Obtaining this formula has several methods. The most simple is by mathematical induction. Let's assume p is a prime factor of x. Obviously, there are x/p integers that are divisable by p and smaller than or equal to x. So the number of the integers not satisfying this must be $\textstyle x(1-\frac{1}{p})$.

Now let's assume that q is also a prime that divides x. Obviously, there are x/q integers that are divisable by q and smaller than or equal to x, as the previous case. However, these duplicate x/pq integers, because we counted some integers both in the prime p and prime q. Hence, the true number we need to take out becomes x(1/q - 1/pq). Subtracting, we get

$x\left (\left (1-\frac{1}{p} \right )-\frac{1}{q}+\frac{1}{pq}\right)$

$= x\left (\left (1-\frac{1}{p} \right )-\frac{1}{q}\left(1-\frac{1}{p} \right )\right)$

$= x\left (1-\frac{1}{p} \right )\left(1-\frac{1}{q} \right )$.

Induction then yields the formula we have given easily.

### Multiplicativity of φ(x)

The following is true for all integers with gcd(a,b) = 1, or in words, for all integers that are relatively prime: φ(ab)=φ(a)φ(b).

To verify this, it is enough to observe that if a and b are relatively prime, their divisor sets are separate, hence the primes that are dividing them must be different. This simple observation then yields the following equalities:

$\varphi (a)\varphi (b)=\left (\prod_{p|a}1-\frac{1}{p} \right )\left ( \prod_{p|b}1-\frac{1}{p} \right )=\prod_{p|ab}1-\frac{1}{p}=\varphi (ab)$

The first equality follows from Euler's formula for the totient, the second equality follows from the fact that the primes dividing a and b are different and the third equality, again, follows from Euler's formula for the totient.

### Finding a statement equivalent to being a prime

As easily shown, if φ(x) = x-1, then x is prime. This follows from the fact that every number smaller than the prime is a totative of the prime, but the prime itself.

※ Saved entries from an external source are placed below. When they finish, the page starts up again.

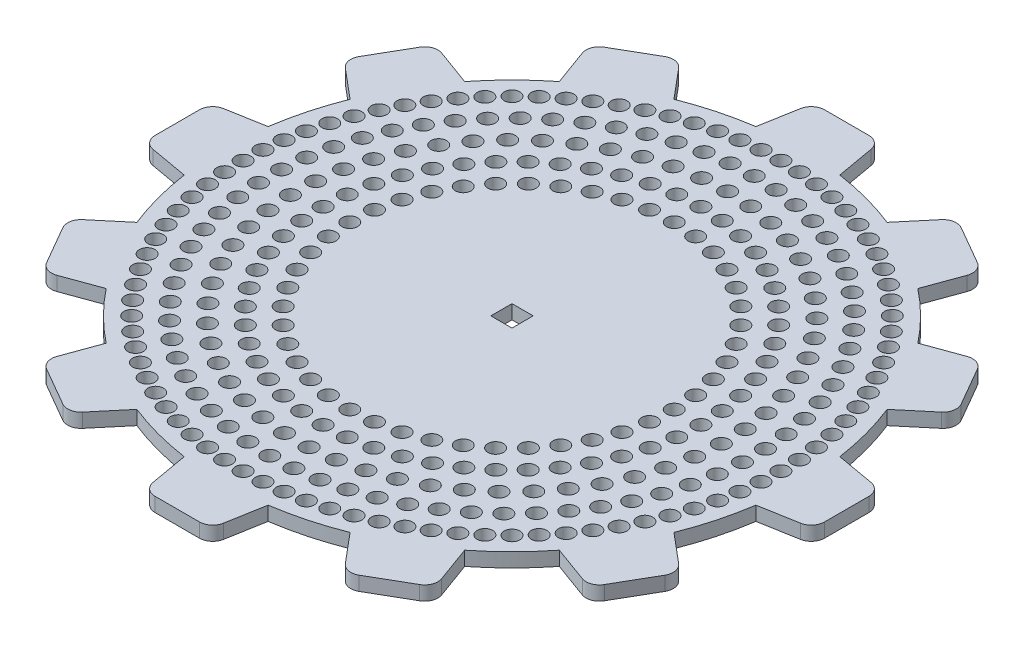
SolidWorks part; units mm, degrees
material "Balsa"
ref_plane "Front Plane" through (0, 0, 0) normal (0, 0, 1) x (1, 0, 0)
ref_plane "Top Plane" through (0, 0, 0) normal (0, 1, 0) x (1, 0, 0)
ref_plane "Right Plane" through (0, 0, 0) normal (1, 0, 0) x (0, 0, -1)
sketch "Sketch1" plane through (0, 0, 0) normal (0, 1, 0) x (1, 0, 0)
  line L0 (0, 109) -> (0, 121) construction
  line L1 (-4.7625, 4.7625) -> (4.7625, 4.7625)
  line L2 (-4.7625, 4.7625) -> (-4.7625, -4.7625)
  line L7 (-4.7625, -4.7625) -> (4.7625, -4.7625)
  line L8 (0, 109) -> (0, 97) construction
  line L9 (0, 97) -> (0, 85) construction
  line L10 (0, 85) -> (0, 73) construction
  line L11 (4.7625, 4.7625) -> (4.7625, -4.7625)
  line L12 (-4.7625, 4.7625) -> (4.7625, -4.7625) construction
  line L13 (-4.7625, -4.7625) -> (4.7625, 4.7625) construction
  circle A0 centre (0, 0) radius 130
  circle A39 centre (0, 73) radius 3.5
  circle A40 centre (0, 85) radius 3.5
  circle A41 centre (0, 97) radius 3.5
  circle A42 centre (0, 109) radius 3.5
  circle A43 centre (10.3611, 108.5064) radius 3.5
  circle A44 centre (20.6284, 107.0302) radius 3.5
  circle A45 centre (30.7088, 104.5847) radius 3.5
  circle A46 centre (40.5112, 101.1921) radius 3.5
  circle A47 centre (49.9467, 96.8831) radius 3.5
  circle A48 centre (58.9298, 91.6966) radius 3.5
  circle A49 centre (67.3793, 85.6798) radius 3.5
  circle A50 centre (75.2186, 78.887) radius 3.5
  circle A51 centre (82.3767, 71.3798) radius 3.5
  circle A52 centre (88.7888, 63.2262) radius 3.5
  circle A53 centre (94.3968, 54.5) radius 3.5
  circle A54 centre (99.1499, 45.2802) radius 3.5
  circle A55 centre (103.0051, 35.6504) radius 3.5
  circle A56 centre (105.9275, 25.6977) radius 3.5
  circle A57 centre (107.8905, 15.5123) radius 3.5
  circle A58 centre (108.8765, 5.1864) radius 3.5
  circle A59 centre (108.8765, -5.1864) radius 3.5
  circle A60 centre (107.8905, -15.5123) radius 3.5
  circle A61 centre (105.9275, -25.6977) radius 3.5
  circle A62 centre (103.0051, -35.6504) radius 3.5
  circle A63 centre (99.1499, -45.2802) radius 3.5
  circle A64 centre (94.3968, -54.5) radius 3.5
  circle A65 centre (88.7888, -63.2262) radius 3.5
  circle A66 centre (82.3767, -71.3798) radius 3.5
  circle A67 centre (75.2186, -78.887) radius 3.5
  circle A68 centre (67.3793, -85.6798) radius 3.5
  circle A69 centre (58.9298, -91.6966) radius 3.5
  circle A70 centre (49.9467, -96.8831) radius 3.5
  circle A71 centre (40.5112, -101.1921) radius 3.5
  circle A72 centre (30.7088, -104.5847) radius 3.5
  circle A73 centre (20.6284, -107.0302) radius 3.5
  circle A74 centre (10.3611, -108.5064) radius 3.5
  circle A75 centre (0, -109) radius 3.5
  circle A76 centre (-10.3611, -108.5064) radius 3.5
  circle A77 centre (-20.6284, -107.0302) radius 3.5
  circle A78 centre (-30.7088, -104.5847) radius 3.5
  circle A79 centre (-40.5112, -101.1921) radius 3.5
  circle A80 centre (-49.9467, -96.8831) radius 3.5
  circle A81 centre (-58.9298, -91.6966) radius 3.5
  circle A82 centre (-67.3793, -85.6798) radius 3.5
  circle A83 centre (-75.2186, -78.887) radius 3.5
  circle A84 centre (-82.3767, -71.3798) radius 3.5
  circle A85 centre (-88.7888, -63.2262) radius 3.5
  circle A86 centre (-94.3968, -54.5) radius 3.5
  circle A87 centre (-99.1499, -45.2802) radius 3.5
  circle A88 centre (-103.0051, -35.6504) radius 3.5
  circle A89 centre (-105.9275, -25.6977) radius 3.5
  circle A90 centre (-107.8905, -15.5123) radius 3.5
  circle A91 centre (-108.8765, -5.1864) radius 3.5
  circle A92 centre (-108.8765, 5.1864) radius 3.5
  circle A93 centre (-107.8905, 15.5123) radius 3.5
  circle A94 centre (-105.9275, 25.6977) radius 3.5
  circle A95 centre (-103.0051, 35.6504) radius 3.5
  circle A96 centre (-99.1499, 45.2802) radius 3.5
  circle A97 centre (-94.3968, 54.5) radius 3.5
  circle A98 centre (-88.7888, 63.2262) radius 3.5
  circle A99 centre (-82.3767, 71.3798) radius 3.5
  circle A100 centre (-75.2186, 78.887) radius 3.5
  circle A101 centre (-67.3793, 85.6798) radius 3.5
  circle A102 centre (-58.9298, 91.6966) radius 3.5
  circle A103 centre (-49.9467, 96.8831) radius 3.5
  circle A104 centre (-40.5112, 101.1921) radius 3.5
  circle A105 centre (-30.7088, 104.5847) radius 3.5
  circle A106 centre (-20.6284, 107.0302) radius 3.5
  circle A107 centre (-10.3611, 108.5064) radius 3.5
  circle A108 centre (11.0572, 96.3677) radius 3.5
  circle A109 centre (21.9702, 94.4792) radius 3.5
  circle A110 centre (32.5968, 91.3589) radius 3.5
  circle A111 centre (42.7984, 87.0476) radius 3.5
  circle A112 centre (52.4422, 81.6016) radius 3.5
  circle A113 centre (61.4022, 75.0917) radius 3.5
  circle A114 centre (69.5618, 67.6029) radius 3.5
  circle A115 centre (76.8145, 59.2328) radius 3.5
  circle A116 centre (83.0659, 50.0906) radius 3.5
  circle A117 centre (88.2343, 40.2953) radius 3.5
  circle A118 centre (92.2525, 29.9746) radius 3.5
  circle A119 centre (95.068, 19.2633) radius 3.5
  circle A120 centre (96.6442, 8.3008) radius 3.5
  circle A121 centre (96.9604, -2.7699) radius 3.5
  circle A122 centre (96.0127, -13.8045) radius 3.5
  circle A123 centre (93.8132, -24.6592) radius 3.5
  circle A124 centre (90.3908, -35.1923) radius 3.5
  circle A125 centre (85.79, -45.2667) radius 3.5
  circle A126 centre (80.0708, -54.751) radius 3.5
  circle A127 centre (73.3077, -63.5215) radius 3.5
  circle A128 centre (65.589, -71.4639) radius 3.5
  circle A129 centre (57.0152, -78.4746) radius 3.5
  circle A130 centre (47.6981, -84.4624) radius 3.5
  circle A131 centre (37.7592, -89.349) radius 3.5
  circle A132 centre (27.3281, -93.0708) radius 3.5
  circle A133 centre (16.5407, -95.5793) radius 3.5
  circle A134 centre (5.5376, -96.8418) radius 3.5
  circle A135 centre (-5.5376, -96.8418) radius 3.5
  circle A136 centre (-16.5407, -95.5793) radius 3.5
  circle A137 centre (-27.3281, -93.0708) radius 3.5
  circle A138 centre (-37.7592, -89.349) radius 3.5
  circle A139 centre (-47.6981, -84.4624) radius 3.5
  circle A140 centre (-57.0152, -78.4746) radius 3.5
  circle A141 centre (-65.589, -71.4639) radius 3.5
  circle A142 centre (-73.3077, -63.5215) radius 3.5
  circle A143 centre (-80.0708, -54.751) radius 3.5
  circle A144 centre (-85.79, -45.2667) radius 3.5
  circle A145 centre (-90.3908, -35.1923) radius 3.5
  circle A146 centre (-93.8132, -24.6592) radius 3.5
  circle A147 centre (-96.0127, -13.8045) radius 3.5
  circle A148 centre (-96.9604, -2.7699) radius 3.5
  circle A149 centre (-96.6442, 8.3008) radius 3.5
  circle A150 centre (-95.068, 19.2633) radius 3.5
  circle A151 centre (-92.2525, 29.9746) radius 3.5
  circle A152 centre (-88.2343, 40.2953) radius 3.5
  circle A153 centre (-83.0659, 50.0906) radius 3.5
  circle A154 centre (-76.8145, 59.2328) radius 3.5
  circle A155 centre (-69.5618, 67.6029) radius 3.5
  circle A156 centre (-61.4022, 75.0917) radius 3.5
  circle A157 centre (-52.4422, 81.6016) radius 3.5
  circle A158 centre (-42.7984, 87.0476) radius 3.5
  circle A159 centre (-32.5968, 91.3589) radius 3.5
  circle A160 centre (-21.9702, 94.4792) radius 3.5
  circle A161 centre (-11.0572, 96.3677) radius 3.5
  circle A162 centre (10.2456, 84.3803) radius 3.5
  circle A163 centre (20.3418, 82.5301) radius 3.5
  circle A164 centre (30.1414, 79.4764) radius 3.5
  circle A165 centre (39.5015, 75.2638) radius 3.5
  circle A166 centre (48.2855, 69.9536) radius 3.5
  circle A167 centre (56.3654, 63.6234) radius 3.5
  circle A168 centre (63.6234, 56.3654) radius 3.5
  circle A169 centre (69.9536, 48.2855) radius 3.5
  circle A170 centre (75.2638, 39.5015) radius 3.5
  circle A171 centre (79.4764, 30.1414) radius 3.5
  circle A172 centre (82.5301, 20.3418) radius 3.5
  circle A173 centre (84.3803, 10.2456) radius 3.5
  circle A174 centre (85, 0) radius 3.5
  circle A175 centre (84.3803, -10.2456) radius 3.5
  circle A176 centre (82.5301, -20.3418) radius 3.5
  circle A177 centre (79.4764, -30.1414) radius 3.5
  circle A178 centre (75.2638, -39.5015) radius 3.5
  circle A179 centre (69.9536, -48.2855) radius 3.5
  circle A180 centre (63.6234, -56.3654) radius 3.5
  circle A181 centre (56.3654, -63.6234) radius 3.5
  circle A182 centre (48.2855, -69.9536) radius 3.5
  circle A183 centre (39.5015, -75.2638) radius 3.5
  circle A184 centre (30.1414, -79.4764) radius 3.5
  circle A185 centre (20.3418, -82.5301) radius 3.5
  circle A186 centre (10.2456, -84.3803) radius 3.5
  circle A187 centre (0, -85) radius 3.5
  circle A188 centre (-10.2456, -84.3803) radius 3.5
  circle A189 centre (-20.3418, -82.5301) radius 3.5
  circle A190 centre (-30.1414, -79.4764) radius 3.5
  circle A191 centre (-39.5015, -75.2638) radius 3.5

So we obtain p-1 totatives, -1 being present for the prime is not a totative of itself.

## Proving a weaker version of the PNT

We will prove that the density of the primes in natural numbers is zero. For this, we will use the statement we found in the above section. Proving this equality is enough: $\textstyle \lim_{x \to\infty }\varphi (x)/x=0$

Let's prove this:

$\lim_{x \to\infty }\varphi (x)/x=\lim_{x \to\infty }\prod_{p|x}1-\frac{1}{p}=\prod_{p-prime}1-\frac{1}{p}=\left ( \prod_{p-prime}\frac{p}{p-1} \right )^{-1}=\zeta ^{-1}(1)=0$

The fourth equality follows from Euler's product formula, where ζ(x) denotes the Riemann zeta function. Since ζ(1) = ∞, or in asymptotic terms, ζ(x) has a simple pole at x=1, the last equality holds.